*** Extracted data Section Begins ***

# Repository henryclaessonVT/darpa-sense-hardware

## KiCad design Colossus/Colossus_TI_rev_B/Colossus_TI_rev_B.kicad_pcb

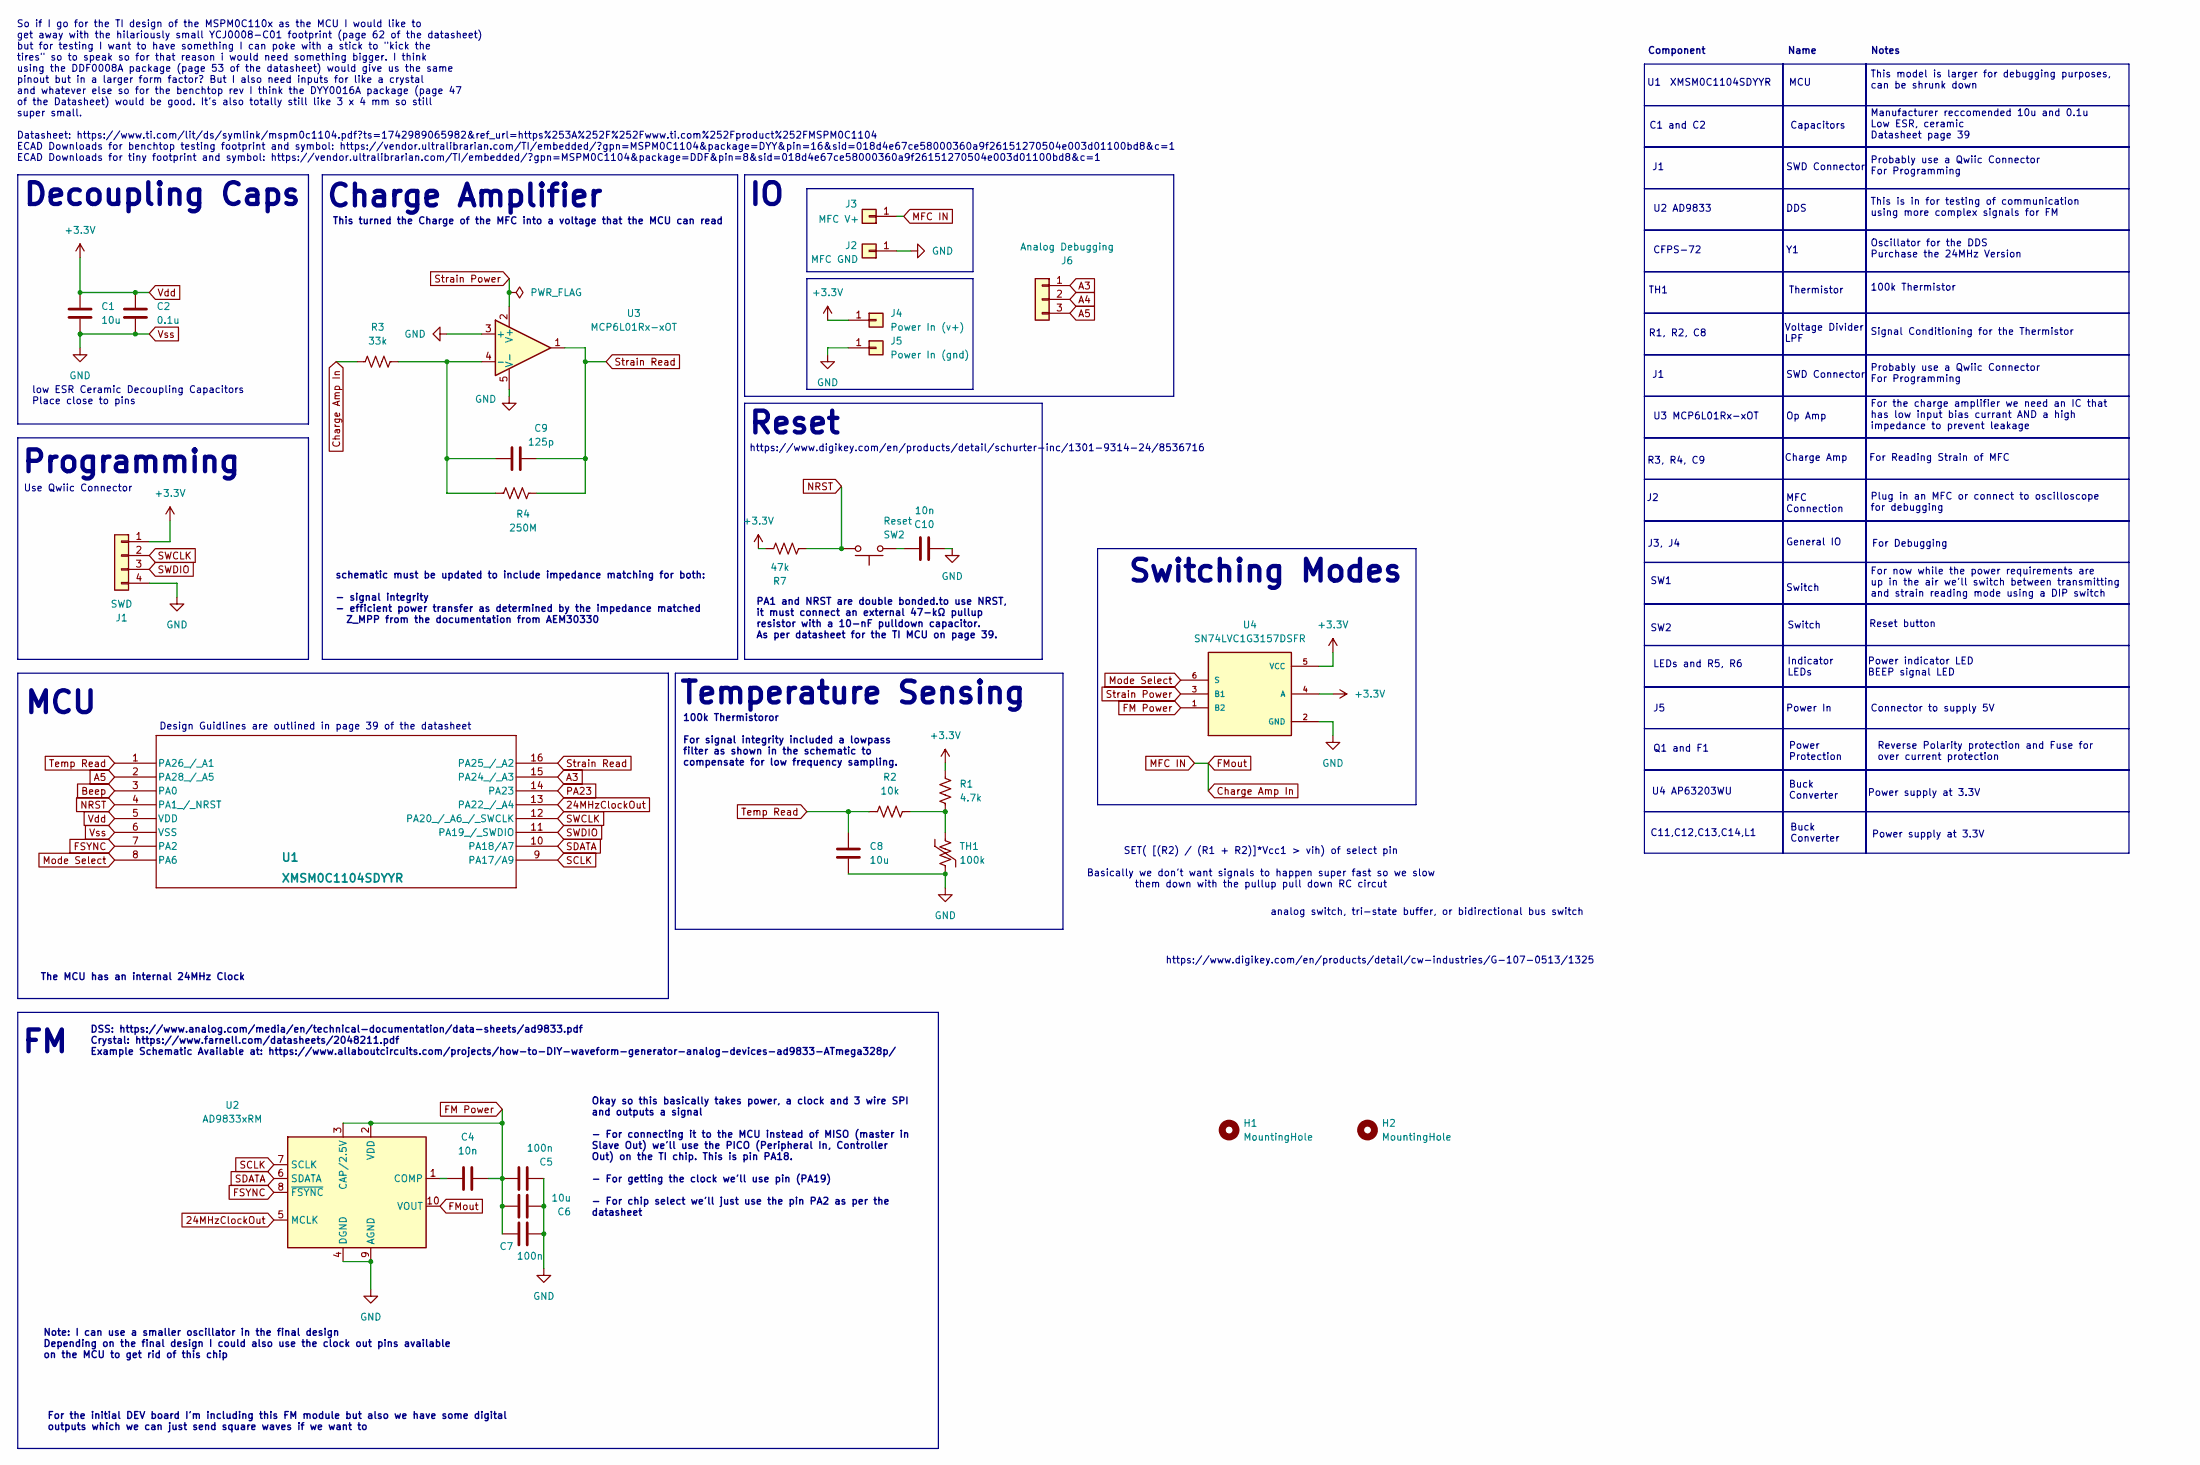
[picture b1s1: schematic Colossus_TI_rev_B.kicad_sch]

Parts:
C1, C6, C8: 10u; C_0402_1005Metric
C2: 0.1u; C_0201_0603Metric
C4: 10n; C_0201_0603Metric
C5, C7: 100n; C_0201_0603Metric
C9: 125p; C_0201_0603Metric
C10: 10n; C_0805_2012Metric
H1, H2: MountingHole; MountingHole_2.2mm_M2_Pad_Via
J1: SWD; PinHeader_1x04_P2.54mm_Vertical
J2: MFC GND; TestPoint_Pad_2.0x2.0mm
J3: MFC V+; TestPoint_Pad_2.0x2.0mm
J4: Power In (v+); TestPoint_Pad_2.0x2.0mm
J5: Power In (gnd); TestPoint_Pad_2.0x2.0mm
J6: Analog Debugging; PinSocket_1x03_P2.54mm_Vertical
R1: 4.7k; R_0201_0603Metric
R2: 10k; R_0201_0603Metric
R3: 33k; R_0201_0603Metric
R4: 250M; R_0402_1005Metric
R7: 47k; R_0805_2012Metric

*** Extracted data Section Ends ***

_Instructions for the task_:
Output a faithful copy of the data, with each picture left out.

_Answer_:
# Repository henryclaessonVT/darpa-sense-hardware

## KiCad design Colossus/Colossus_TI_rev_B/Colossus_TI_rev_B.kicad_pcb

[picture b1s1: schematic Colossus_TI_rev_B.kicad_sch]

Parts:
C1, C6, C8: 10u; C_0402_1005Metric
C2: 0.1u; C_0201_0603Metric
C4: 10n; C_0201_0603Metric
C5, C7: 100n; C_0201_0603Metric
C9: 125p; C_0201_0603Metric
C10: 10n; C_0805_2012Metric
H1, H2: MountingHole; MountingHole_2.2mm_M2_Pad_Via
J1: SWD; PinHeader_1x04_P2.54mm_Vertical
J2: MFC GND; TestPoint_Pad_2.0x2.0mm
J3: MFC V+; TestPoint_Pad_2.0x2.0mm
J4: Power In (v+); TestPoint_Pad_2.0x2.0mm
J5: Power In (gnd); TestPoint_Pad_2.0x2.0mm
J6: Analog Debugging; PinSocket_1x03_P2.54mm_Vertical
R1: 4.7k; R_0201_0603Metric
R2: 10k; R_0201_0603Metric
R3: 33k; R_0201_0603Metric
R4: 250M; R_0402_1005Metric
R7: 47k; R_0805_2012Metric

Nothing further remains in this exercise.